# Mandolin Slicer



## maxon8

How good / useful are mandoline slicers?. 

From what I understand they are good at cutting fingers!

I am thinking of buying a Borner V-Slicer Mandoline. Are they any good or is a knife better?.

maxon8


----------



## oldschool1982

Yup! Most are good for cutting fingers. 

I've found the mandoline to be the best tool for the more precise cut's. Ie. meaning more precision than shoving things thru an R2D2. Although the big problem is the chariot. It's useless so it's abandoned before even the first cut.
I found investing in a good cut glove (mine is of the chain-mail variety)works wonders and what a finger tip saver. Although you can see where I hit the blade after a while, it's worth it.


----------



## mikelm

Mandolines are nice when you need a whole lot of uniform slices. Otherwise, not so useful.

I have a Bron fancy French one and don't use it all that often- I'm not a production cook - but when you really need a bunch of slices, it's great to have. I have a whole bunch of cooking and woodworking tools which I have justified with that argument. 

My wife continues to buy this excuse, as long as a: I do a lot of the cooking and b: I make furniture for the house. We're pretty well furnitured-up in the condo now, and I don't know how much longer I can get away with that part of the deal. I'll just have to keep cooking.

I, too got a cut-resistant glove to lower my own anxiety about using the Bron. I'm not sure it would do much good on the table saw. 

Mike


----------



## jannie

I keep looking at those but when I do, I remember the times I've cut myself with my nice razor sharp chef's knife and say forget it, I don't need any more methods to shorten my fingers. 

Actually it's only two really bad times, the first cost me $1,000 at emergency and the second I fixed myself, they were so innocent but soooo darn bloody. 

I've almost purchased a mandoline several times but frankly enjoy doing the knife work...on the food that is. 

Jannie


----------



## suzanne

I've got a big fancy metal Bron that I never use -- too much trouble to set up and clean. I also have a cheapo plastic Benriner (two, in fact) that I use a lot, when I want perfectly even slices or julienne. And it's a lot faster than doing it with a knife (one of my downfalls at restaurants was speed -- just don't have it ).

With practice, one doesn't get the personal cuts, just the uniform ingredient ones. :lol:


----------



## kyheirloomer

Because the need for speed isn't the same at home as it is in a professional kitchen, there's no excuse for an at-home cook to cut themself with a mandoline. At least, not once you learn how it's supposed to be used.

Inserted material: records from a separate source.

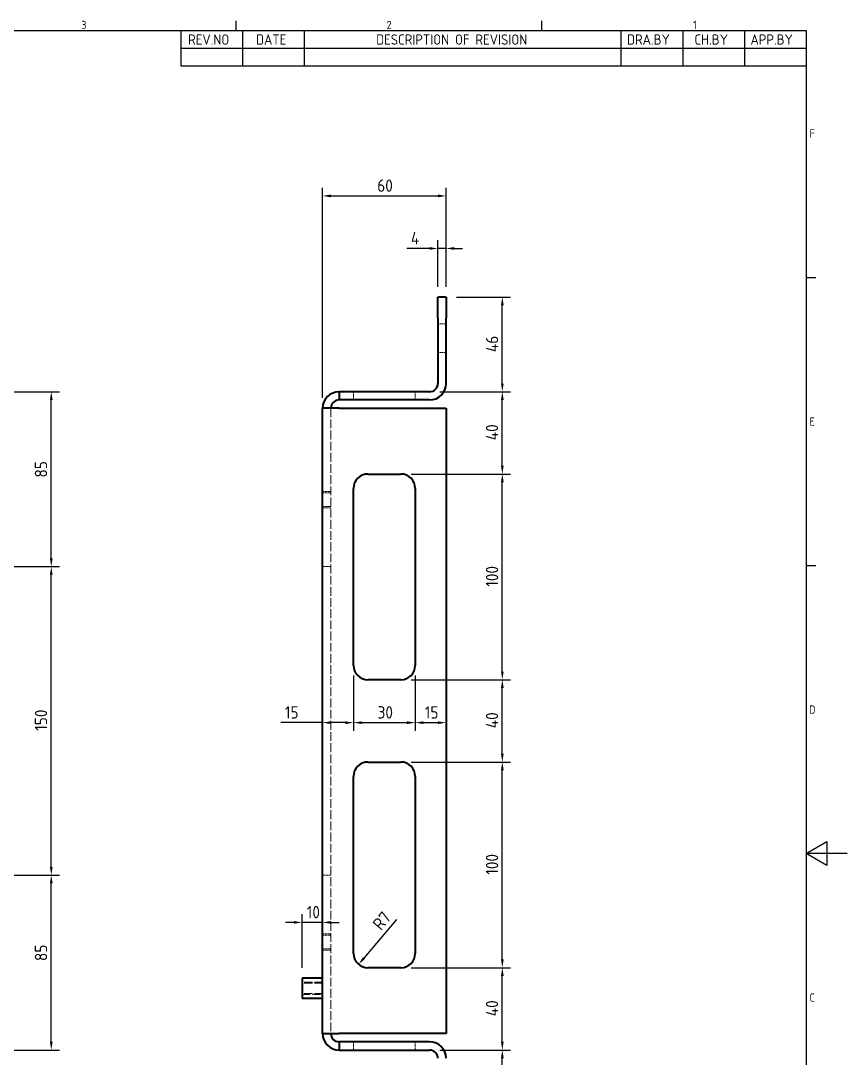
# Model space of a CAD drawing. Header units: millimetres. Extents: x 0 to 1188, y 0 to 840.
# Drawn here: x 786 to 1188, y 320 to 825 of the extents above; entities that cross this region are included whole.
import ezdxf

# ---------------------------------------------------------------- set-up
doc = ezdxf.new("R2010")
doc.units = ezdxf.units.MM
doc.header["$LTSCALE"] = 2
doc.linetypes.add('DASHED', pattern=[0.2067, 0.1654, -0.0413])
doc.layers.get('0').update_dxf_attribs({"color": 3, "lineweight": 25})
for name, color, linetype, lineweight in [('가려진 것(ISO)', 2, 'DASHED', 18), ('가시적인 것(ISO)', 3, 'Continuous', 40), ('경계(ISO)', 7, 'Continuous', 25), ('기호(ISO)', 5, 'Continuous', 25), ('치수(ISO)', 2, 'Continuous', 25)]:
    doc.layers.add(name, color=color, linetype=linetype, lineweight=lineweight)
doc.styles.add('ISO Proportiona M2B', font='isocp.shx')
doc.styles.add('문자 텍스트_PSTEK_POSCO', font='isocp.shx')
doc.styles.add('치수 텍스트_PSTEK_POSCO', font='isocp.shx')
doc.dimstyles.new('치수_PSTEK_POSCO', dxfattribs={"dimscale": 2, "dimtxt": 3, "dimasz": 2, "dimexe": 2, "dimexo": 2.5, "dimgap": 1, "dimtad": 1, "dimrnd": 1e-08, "dimdsep": 46, "dimtxsty": '치수 텍스트_PSTEK_POSCO', "dimcen": 0.09, "dimdle": 10, "dimclrd": 7, "dimclre": 7, "dimclrt": 2, "dimadec": 1, "dimazin": 2, "dimtfac": 1, "dimtmove": 0, "dimatfit": 3, "dimfxl": 0, "dimtolj": 1, "dimlwd": -1, "dimlwe": -1, "dimarcsym": 0})

# ---------------------------------------------------------------- blocks, each defined once
blk = doc.blocks.new('경계 Default Border')
at = {"layer": '경계(ISO)'}
for p, q in [((445.5, 410), (445.5, 412.4)), ((519.75, 410), (519.75, 412.4)), ((584, 350), (586.4, 350)), ((584, 280), (586.4, 280))]:
    blk.add_line(p, q, dxfattribs=at)
at = {"layer": '경계(ISO)', "flags": 128}
for points in [[(10, 10), (10, 410), (584, 410), (584, 10), (10, 10)], [(594, 210), (584, 210), (589, 212.89), (589, 207.11), (584, 210)]]:
    blk.add_lwpolyline(points, dxfattribs=at)
at = {"layer": '경계(ISO)', "color": 2, "char_height": 2, "attachment_point": 7, "style": '문자 텍스트_PSTEK_POSCO'}
for s, insert in [('3', (407.82, 410.38)), ('2', (482.04, 410.38)), ('1', (556.53, 410.4)), ('F', (584.83, 384)), ('E', (584.83, 313.98)), ('D', (584.72, 243.98)), ('C', (584.83, 173.98))]:
    blk.add_mtext(s, dxfattribs=dict(at, insert=insert))
blk = doc.blocks.new('*D29')
at = {"layer": 'Defpoints', "color": 0, "transparency": 16777216}
for p in [(748.24, 644.46), (801.07, 644.46), (598.24, 559.46)]:
    blk.add_point(p, dxfattribs=at)
at = {"layer": '치수(ISO)', "color": 7, "transparency": 16777216}
for p, q in [((753.24, 644.46), (805.07, 644.46)), ((801.07, 563.46), (801.07, 640.46)), ((603.24, 559.46), (805.07, 559.46))]:
    blk.add_line(p, q, dxfattribs=at)
for points in [[(800.4, 640.46), (801.74, 640.46), (801.07, 644.46)], [(800.4, 563.46), (801.74, 563.46), (801.07, 559.46)]]:
    blk.add_solid(points, dxfattribs=at)
at = {"layer": '치수(ISO)', "color": 2, "transparency": 16777216, "insert": (796.07, 602.74), "char_height": 6, "attachment_point": 4, "rotation": 90, "style": '치수 텍스트_PSTEK_POSCO'}
blk.add_mtext('\\A1;85', dxfattribs=at)
blk = doc.blocks.new('*D30')
at = {"layer": 'Defpoints', "color": 0, "transparency": 16777216}
for p in [(598.24, 559.46), (801.07, 559.46), (598.24, 409.46)]:
    blk.add_point(p, dxfattribs=at)
at = {"layer": '치수(ISO)', "color": 7, "transparency": 16777216}
for p, q in [((603.24, 559.46), (805.07, 559.46)), ((801.07, 413.46), (801.07, 555.46)), ((603.24, 409.46), (805.07, 409.46))]:
    blk.add_line(p, q, dxfattribs=at)
for points in [[(800.4, 555.46), (801.74, 555.46), (801.07, 559.46)], [(800.4, 413.46), (801.74, 413.46), (801.07, 409.46)]]:
    blk.add_solid(points, dxfattribs=at)
at = {"layer": '치수(ISO)', "color": 2, "transparency": 16777216, "insert": (796.07, 479.65), "char_height": 6, "attachment_point": 4, "rotation": 90, "style": '치수 텍스트_PSTEK_POSCO'}
blk.add_mtext('\\A1;150', dxfattribs=at)
blk = doc.blocks.new('*D31')
at = {"layer": 'Defpoints', "color": 0, "transparency": 16777216}
for p in [(598.24, 409.46), (801.07, 409.46), (748.24, 324.46)]:
    blk.add_point(p, dxfattribs=at)
at = {"layer": '치수(ISO)', "color": 7, "transparency": 16777216}
for p, q in [((603.24, 409.46), (805.07, 409.46)), ((801.07, 328.46), (801.07, 405.46)), ((753.24, 324.46), (805.07, 324.46))]:
    blk.add_line(p, q, dxfattribs=at)
for points in [[(800.4, 405.46), (801.74, 405.46), (801.07, 409.46)], [(800.4, 328.46), (801.74, 328.46), (801.07, 324.46)]]:
    blk.add_solid(points, dxfattribs=at)
at = {"layer": '치수(ISO)', "color": 2, "transparency": 16777216, "insert": (796.07, 367.7), "char_height": 6, "attachment_point": 4, "rotation": 90, "style": '치수 텍스트_PSTEK_POSCO'}
blk.add_mtext('\\A1;85', dxfattribs=at)
blk = doc.blocks.new('*D38')
at = {"layer": 'Defpoints', "color": 0, "transparency": 16777216}
for p in [(984.99, 324.46), (1020.33, 324.46), (992.99, 278.46)]:
    blk.add_point(p, dxfattribs=at)
at = {"layer": '치수(ISO)', "color": 7, "transparency": 16777216}
for p, q in [((989.99, 324.46), (1024.33, 324.46)), ((1020.33, 282.46), (1020.33, 320.46)), ((997.99, 278.46), (1024.33, 278.46))]:
    blk.add_line(p, q, dxfattribs=at)
for points in [[(1019.67, 320.46), (1021, 320.46), (1020.33, 324.46)], [(1019.67, 282.46), (1021, 282.46), (1020.33, 278.46)]]:
    blk.add_solid(points, dxfattribs=at)
at = {"layer": '치수(ISO)', "color": 2, "transparency": 16777216, "insert": (1015.33, 297.69), "char_height": 6, "attachment_point": 4, "rotation": 90, "style": '치수 텍스트_PSTEK_POSCO'}
blk.add_mtext('\\A1;46', dxfattribs=at)
blk = doc.blocks.new('*D39')
at = {"layer": 'Defpoints', "color": 0, "transparency": 16777216}
for p in [(992.99, 690.46), (1020.33, 690.46), (984.99, 644.46)]:
    blk.add_point(p, dxfattribs=at)
at = {"layer": '치수(ISO)', "color": 7, "transparency": 16777216}
for p, q in [((997.99, 690.46), (1024.33, 690.46)), ((1020.33, 648.46), (1020.33, 686.46)), ((989.99, 644.46), (1024.33, 644.46))]:
    blk.add_line(p, q, dxfattribs=at)
for points in [[(1019.67, 686.46), (1021, 686.46), (1020.33, 690.46)], [(1019.67, 648.46), (1021, 648.46), (1020.33, 644.46)]]:
    blk.add_solid(points, dxfattribs=at)
at = {"layer": '치수(ISO)', "color": 2, "transparency": 16777216, "insert": (1015.33, 663.73), "char_height": 6, "attachment_point": 4, "rotation": 90, "style": '치수 텍스트_PSTEK_POSCO'}
blk.add_mtext('\\A1;46', dxfattribs=at)
blk = doc.blocks.new('*D40')
at = {"layer": 'Defpoints', "color": 0, "transparency": 16777216}
for p in [(984.99, 644.46), (1020.33, 644.46), (970.99, 604.46)]:
    blk.add_point(p, dxfattribs=at)
at = {"layer": '치수(ISO)', "color": 7, "transparency": 16777216}
for p, q in [((989.99, 644.46), (1024.33, 644.46)), ((1020.33, 608.46), (1020.33, 640.46)), ((975.99, 604.46), (1024.33, 604.46))]:
    blk.add_line(p, q, dxfattribs=at)
for points in [[(1019.67, 640.46), (1021, 640.46), (1020.33, 644.46)], [(1019.67, 608.46), (1021, 608.46), (1020.33, 604.46)]]:
    blk.add_solid(points, dxfattribs=at)
at = {"layer": '치수(ISO)', "color": 2, "transparency": 16777216, "insert": (1015.33, 620.87), "char_height": 6, "attachment_point": 4, "rotation": 90, "style": '치수 텍스트_PSTEK_POSCO'}
blk.add_mtext('\\A1;40', dxfattribs=at)
blk = doc.blocks.new('*D41')
at = {"layer": 'Defpoints', "color": 0, "transparency": 16777216}
for p in [(970.99, 604.46), (1020.33, 604.46), (970.99, 504.46)]:
    blk.add_point(p, dxfattribs=at)
at = {"layer": '치수(ISO)', "color": 7, "transparency": 16777216}
for p, q in [((975.99, 604.46), (1024.33, 604.46)), ((1020.33, 508.46), (1020.33, 600.46)), ((975.99, 504.46), (1024.33, 504.46))]:
    blk.add_line(p, q, dxfattribs=at)
for points in [[(1019.67, 600.46), (1021, 600.46), (1020.33, 604.46)], [(1019.67, 508.46), (1021, 508.46), (1020.33, 504.46)]]:
    blk.add_solid(points, dxfattribs=at)
at = {"layer": '치수(ISO)', "color": 2, "transparency": 16777216, "insert": (1015.33, 549.67), "char_height": 6, "attachment_point": 4, "rotation": 90, "style": '치수 텍스트_PSTEK_POSCO'}
blk.add_mtext('\\A1;100', dxfattribs=at)
blk = doc.blocks.new('*D42')
at = {"layer": 'Defpoints', "color": 0, "transparency": 16777216}
for p in [(970.99, 504.46), (1020.33, 504.46), (970.99, 464.46)]:
    blk.add_point(p, dxfattribs=at)
at = {"layer": '치수(ISO)', "color": 7, "transparency": 16777216}
for p, q in [((975.99, 504.46), (1024.33, 504.46)), ((1020.33, 468.46), (1020.33, 500.46)), ((975.99, 464.46), (1024.33, 464.46))]:
    blk.add_line(p, q, dxfattribs=at)
for points in [[(1019.67, 500.46), (1021, 500.46), (1020.33, 504.46)], [(1019.67, 468.46), (1021, 468.46), (1020.33, 464.46)]]:
    blk.add_solid(points, dxfattribs=at)
at = {"layer": '치수(ISO)', "color": 2, "transparency": 16777216, "insert": (1015.33, 480.87), "char_height": 6, "attachment_point": 4, "rotation": 90, "style": '치수 텍스트_PSTEK_POSCO'}
blk.add_mtext('\\A1;40', dxfattribs=at)
blk = doc.blocks.new('*D43')
at = {"layer": 'Defpoints', "color": 0, "transparency": 16777216}
for p in [(970.99, 464.46), (1020.33, 464.46), (970.99, 364.46)]:
    blk.add_point(p, dxfattribs=at)
at = {"layer": '치수(ISO)', "color": 7, "transparency": 16777216}
for p, q in [((975.99, 464.46), (1024.33, 464.46)), ((1020.33, 368.46), (1020.33, 460.46)), ((975.99, 364.46), (1024.33, 364.46))]:
    blk.add_line(p, q, dxfattribs=at)
for points in [[(1019.67, 460.46), (1021, 460.46), (1020.33, 464.46)], [(1019.67, 368.46), (1021, 368.46), (1020.33, 364.46)]]:
    blk.add_solid(points, dxfattribs=at)
at = {"layer": '치수(ISO)', "color": 2, "transparency": 16777216, "insert": (1015.33, 409.67), "char_height": 6, "attachment_point": 4, "rotation": 90, "style": '치수 텍스트_PSTEK_POSCO'}
blk.add_mtext('\\A1;100', dxfattribs=at)
blk = doc.blocks.new('*D44')
at = {"layer": 'Defpoints', "color": 0, "transparency": 16777216}
for p in [(970.99, 364.46), (1020.33, 364.46), (984.99, 324.46)]:
    blk.add_point(p, dxfattribs=at)
at = {"layer": '치수(ISO)', "color": 7, "transparency": 16777216}
for p, q in [((975.99, 364.46), (1024.33, 364.46)), ((1020.33, 328.46), (1020.33, 360.46)), ((989.99, 324.46), (1024.33, 324.46))]:
    blk.add_line(p, q, dxfattribs=at)
for points in [[(1019.67, 360.46), (1021, 360.46), (1020.33, 364.46)], [(1019.67, 328.46), (1021, 328.46), (1020.33, 324.46)]]:
    blk.add_solid(points, dxfattribs=at)
at = {"layer": '치수(ISO)', "color": 2, "transparency": 16777216, "insert": (1015.33, 340.87), "char_height": 6, "attachment_point": 4, "rotation": 90, "style": '치수 텍스트_PSTEK_POSCO'}
blk.add_mtext('\\A1;40', dxfattribs=at)
blk = doc.blocks.new('*D45')
at = {"layer": 'Defpoints', "color": 0, "transparency": 16777216}
for p in [(992.99, 739.65), (992.99, 690.46), (932.99, 636.46)]:
    blk.add_point(p, dxfattribs=at)
at = {"layer": '치수(ISO)', "color": 7, "transparency": 16777216}
for p, q in [((932.99, 641.46), (932.99, 743.65)), ((992.99, 695.46), (992.99, 743.65)), ((936.99, 739.65), (988.99, 739.65))]:
    blk.add_line(p, q, dxfattribs=at)
for points in [[(936.99, 740.32), (936.99, 738.98), (932.99, 739.65)], [(988.99, 740.32), (988.99, 738.98), (992.99, 739.65)]]:
    blk.add_solid(points, dxfattribs=at)
at = {"layer": '치수(ISO)', "color": 2, "transparency": 16777216, "insert": (959.51, 744.65), "char_height": 6, "attachment_point": 4, "style": '치수 텍스트_PSTEK_POSCO'}
blk.add_mtext('\\A1;60', dxfattribs=at)
blk = doc.blocks.new('*D46')
at = {"layer": 'Defpoints', "color": 0, "transparency": 16777216}
for p in [(977.99, 511.46), (992.99, 483.59), (992.99, 483.59)]:
    blk.add_point(p, dxfattribs=at)
at = {"layer": '치수(ISO)', "color": 7, "transparency": 16777216}
for p, q in [((977.99, 506.46), (977.99, 479.59)), ((981.99, 483.59), (988.99, 483.59))]:
    blk.add_line(p, q, dxfattribs=at)
for points in [[(981.99, 484.25), (981.99, 482.92), (977.99, 483.59)], [(988.99, 484.25), (988.99, 482.92), (992.99, 483.59)]]:
    blk.add_solid(points, dxfattribs=at)
at = {"layer": '치수(ISO)', "color": 2, "transparency": 16777216, "insert": (982.67, 488.59), "char_height": 6, "attachment_point": 4, "style": '치수 텍스트_PSTEK_POSCO'}
blk.add_mtext('\\A1;15', dxfattribs=at)
blk = doc.blocks.new('*D47')
at = {"layer": 'Defpoints', "color": 0, "transparency": 16777216}
for p in [(947.99, 511.46), (977.99, 511.46), (977.99, 483.59)]:
    blk.add_point(p, dxfattribs=at)
at = {"layer": '치수(ISO)', "color": 7, "transparency": 16777216}
for p, q in [((947.99, 506.46), (947.99, 479.59)), ((977.99, 506.46), (977.99, 479.59)), ((951.99, 483.59), (973.99, 483.59))]:
    blk.add_line(p, q, dxfattribs=at)
for points in [[(951.99, 484.25), (951.99, 482.92), (947.99, 483.59)], [(973.99, 484.25), (973.99, 482.92), (977.99, 483.59)]]:
    blk.add_solid(points, dxfattribs=at)
at = {"layer": '치수(ISO)', "color": 2, "transparency": 16777216, "insert": (959.69, 488.59), "char_height": 6, "attachment_point": 4, "style": '치수 텍스트_PSTEK_POSCO'}
blk.add_mtext('\\A1;30', dxfattribs=at)
blk = doc.blocks.new('*D48')
at = {"layer": 'Defpoints', "color": 0, "transparency": 16777216}
for p in [(947.99, 511.46), (932.99, 483.59), (932.99, 483.59)]:
    blk.add_point(p, dxfattribs=at)
at = {"layer": '치수(ISO)', "color": 7, "transparency": 16777216}
for p, q in [((947.99, 506.46), (947.99, 479.59)), ((932.99, 483.59), (912.67, 483.59)), ((943.99, 483.59), (936.99, 483.59))]:
    blk.add_line(p, q, dxfattribs=at)
for points in [[(936.99, 484.25), (936.99, 482.92), (932.99, 483.59)], [(943.99, 484.25), (943.99, 482.92), (947.99, 483.59)]]:
    blk.add_solid(points, dxfattribs=at)
at = {"layer": '치수(ISO)', "color": 2, "transparency": 16777216, "insert": (914.67, 488.59), "char_height": 6, "attachment_point": 4, "style": '치수 텍스트_PSTEK_POSCO'}
blk.add_mtext('\\A1;15', dxfattribs=at)
blk = doc.blocks.new('*D58')
at = {"layer": 'Defpoints', "color": 0, "transparency": 16777216}
for p in [(954.99, 371.46), (950.49, 366.1)]:
    blk.add_point(p, dxfattribs=at)
at = {"layer": '치수(ISO)', "color": 7, "transparency": 16777216}
blk.add_line((968.85, 387.95), (953.06, 369.16), dxfattribs=at)
blk.add_solid([(952.55, 369.59), (953.57, 368.73), (950.49, 366.1)], dxfattribs=at)
at = {"layer": '치수(ISO)', "color": 2, "transparency": 16777216, "insert": (959.11, 384.13), "char_height": 6, "attachment_point": 4, "rotation": 49.9641, "style": '치수 텍스트_PSTEK_POSCO'}
blk.add_mtext('\\A1;R7', dxfattribs=at)
blk = doc.blocks.new('*D59')
at = {"layer": 'Defpoints', "color": 0, "transparency": 16777216}
for p in [(922.99, 386.5), (922.99, 359.46), (932.99, 359.46)]:
    blk.add_point(p, dxfattribs=at)
at = {"layer": '치수(ISO)', "color": 7, "transparency": 16777216}
for p, q in [((922.99, 364.46), (922.99, 390.5)), ((932.99, 364.46), (932.99, 390.5)), ((918.99, 386.5), (914.99, 386.5)), ((932.99, 386.5), (922.99, 386.5)), ((936.99, 386.5), (940.99, 386.5))]:
    blk.add_line(p, q, dxfattribs=at)
for points in [[(918.99, 387.17), (918.99, 385.83), (922.99, 386.5)], [(936.99, 387.17), (936.99, 385.83), (932.99, 386.5)]]:
    blk.add_solid(points, dxfattribs=at)
at = {"layer": '치수(ISO)', "color": 2, "transparency": 16777216, "insert": (925.29, 391.5), "char_height": 6, "attachment_point": 4, "style": '치수 텍스트_PSTEK_POSCO'}
blk.add_mtext('\\A1;10', dxfattribs=at)
blk = doc.blocks.new('*D61')
at = {"layer": 'Defpoints', "color": 0, "transparency": 16777216}
for p in [(988.99, 714.11), (988.99, 690.46), (992.99, 690.46)]:
    blk.add_point(p, dxfattribs=at)
at = {"layer": '치수(ISO)', "color": 7, "transparency": 16777216}
for p, q in [((988.99, 695.46), (988.99, 718.11)), ((992.99, 695.46), (992.99, 718.11)), ((984.99, 714.11), (973.89, 714.11)), ((992.99, 714.11), (988.99, 714.11)), ((996.99, 714.11), (1000.99, 714.11))]:
    blk.add_line(p, q, dxfattribs=at)
for points in [[(984.99, 714.78), (984.99, 713.44), (988.99, 714.11)], [(996.99, 714.78), (996.99, 713.44), (992.99, 714.11)]]:
    blk.add_solid(points, dxfattribs=at)
at = {"layer": '치수(ISO)', "color": 2, "transparency": 16777216, "insert": (975.89, 719.11), "char_height": 6, "attachment_point": 4, "style": '치수 텍스트_PSTEK_POSCO'}
blk.add_mtext('\\A1;4', dxfattribs=at)

msp = doc.modelspace()

# ---------------------------------------------------------------- linework, layer by layer
at = {"layer": '가려진 것(ISO)', "ltscale": 3.809293}
for p, q in [((992.992, 677.4552), (988.992, 677.4552)), ((992.992, 663.4552), (988.992, 663.4552)), ((947.992, 640.4552), (947.992, 644.4552)), ((977.992, 640.4552), (977.992, 644.4552)), ((936.992, 595.9552), (932.992, 595.9552)), ((936.992, 595.2787), (932.992, 595.2787)), ((936.992, 588.6317), (932.992, 588.6317)), ((932.992, 587.9552), (936.992, 587.9552)), ((932.992, 559.4552), (936.992, 559.4552)), ((932.992, 409.4552), (936.992, 409.4552)), ((936.992, 380.9552), (932.992, 380.9552)), ((936.992, 380.2787), (932.992, 380.2787)), ((936.992, 373.6317), (932.992, 373.6317)), ((932.992, 372.9552), (936.992, 372.9552)), ((947.992, 324.4552), (947.992, 328.4552)), ((977.992, 324.4552), (977.992, 328.4552))]:
    msp.add_line(p, q, dxfattribs=at)
at = {"layer": '가려진 것(ISO)', "ltscale": 13.131522}
msp.add_line((936.992, 636.4552), (936.992, 332.4552), dxfattribs=at)
at = {"layer": '가려진 것(ISO)', "ltscale": 12.094824}
for p, q in [((932.992, 357.4552), (922.992, 357.4552)), ((932.992, 356.9137), (922.992, 356.9137)), ((932.992, 351.9967), (922.992, 351.9967)), ((922.992, 351.4552), (932.992, 351.4552))]:
    msp.add_line(p, q, dxfattribs=at)
at = {"layer": '가시적인 것(ISO)'}
for p, q in [((992.992, 690.4552), (988.992, 690.4552)), ((988.992, 680.4552), (988.992, 690.4552)), ((992.992, 690.4552), (992.992, 680.4552)), ((988.992, 680.4552), (988.992, 648.4552)), ((992.992, 648.4552), (992.992, 680.4552)), ((940.992, 644.4552), (940.992, 640.4552)), ((984.992, 644.4552), (940.992, 644.4552)), ((940.992, 636.4552), (932.992, 636.4552)), ((932.992, 332.4552), (932.992, 636.4552)), ((984.992, 640.4552), (940.992, 640.4552)), ((940.992, 636.4552), (992.992, 636.4552)), ((992.992, 636.4552), (992.992, 332.4552)), ((954.992, 604.4552), (970.992, 604.4552)), ((947.992, 511.4552), (947.992, 597.4552)), ((977.992, 597.4552), (977.992, 511.4552)), ((970.992, 504.4552), (954.992, 504.4552)), ((954.992, 464.4552), (970.992, 464.4552)), ((947.992, 371.4552), (947.992, 457.4552)), ((977.992, 457.4552), (977.992, 371.4552)), ((970.992, 364.4552), (954.992, 364.4552)), ((922.992, 359.4552), (922.992, 349.4552)), ((932.992, 359.4552), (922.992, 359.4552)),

I use mine, on average, two or three times a week, and haven't had a serious cut yet. I'm sure, however, if I were working in a commercial kitchen I would have.


----------



## shroomgirl

I've got two sitting.....waiting.......the waffle cut is the oooo aaaa that enticed me to purchase the first, the second was $5 at a yard sale.

Slicers and mandalines, great respect and yes fear........


----------



## lentil

I, too, have the cheap plastic one that i bought at WS- $20 or so, and I love it. wish I had one at home, but since I do so little cooking there, it would be a waste of money. It saves money at work though, by cutting everything so precisely. A kid who works here cut himself on it and now won't even look at it. He warns everyone who touches it to be careful. PS it wasn't even a bad cut- you'd think he'd lost a finger....good kid, though. I'll keep him around and use the mandaline myself.


----------



## mannlicher

I use a large Braun mandolin. I probably pull it out of the cabinet two or three times a week. Even with just cooking for my wife and myself, I find it an exellent tool. Clean up is quick and easy, and I just let it air dry.


----------



## mikelm

I'm suprised, Suzanne, about your cleaning hesitation with the Bron. I don't use it for meat, (I wonder if you _can_ use it for meat) and for the various veggies, since I instituted my policy of "no cutting edges in the dishwasher," I just rinse the bejeezus out of it and let it air-dry. I find that with careful squirting with the spray feature of the kitchen faucet - immediately after using it - I can get it pretty clean.

I really like the waffle cut for the rare times I make fried potatoes.

Mike


----------



## crema

Just watch what you are doing, and don't try to go too fast and you will be fine.


----------



## suzanne

It's been years since I cut myself on the mandoline. As others have said, respect is all. That, and not trying to go to fast cutting that last little piece of carrot or whatever.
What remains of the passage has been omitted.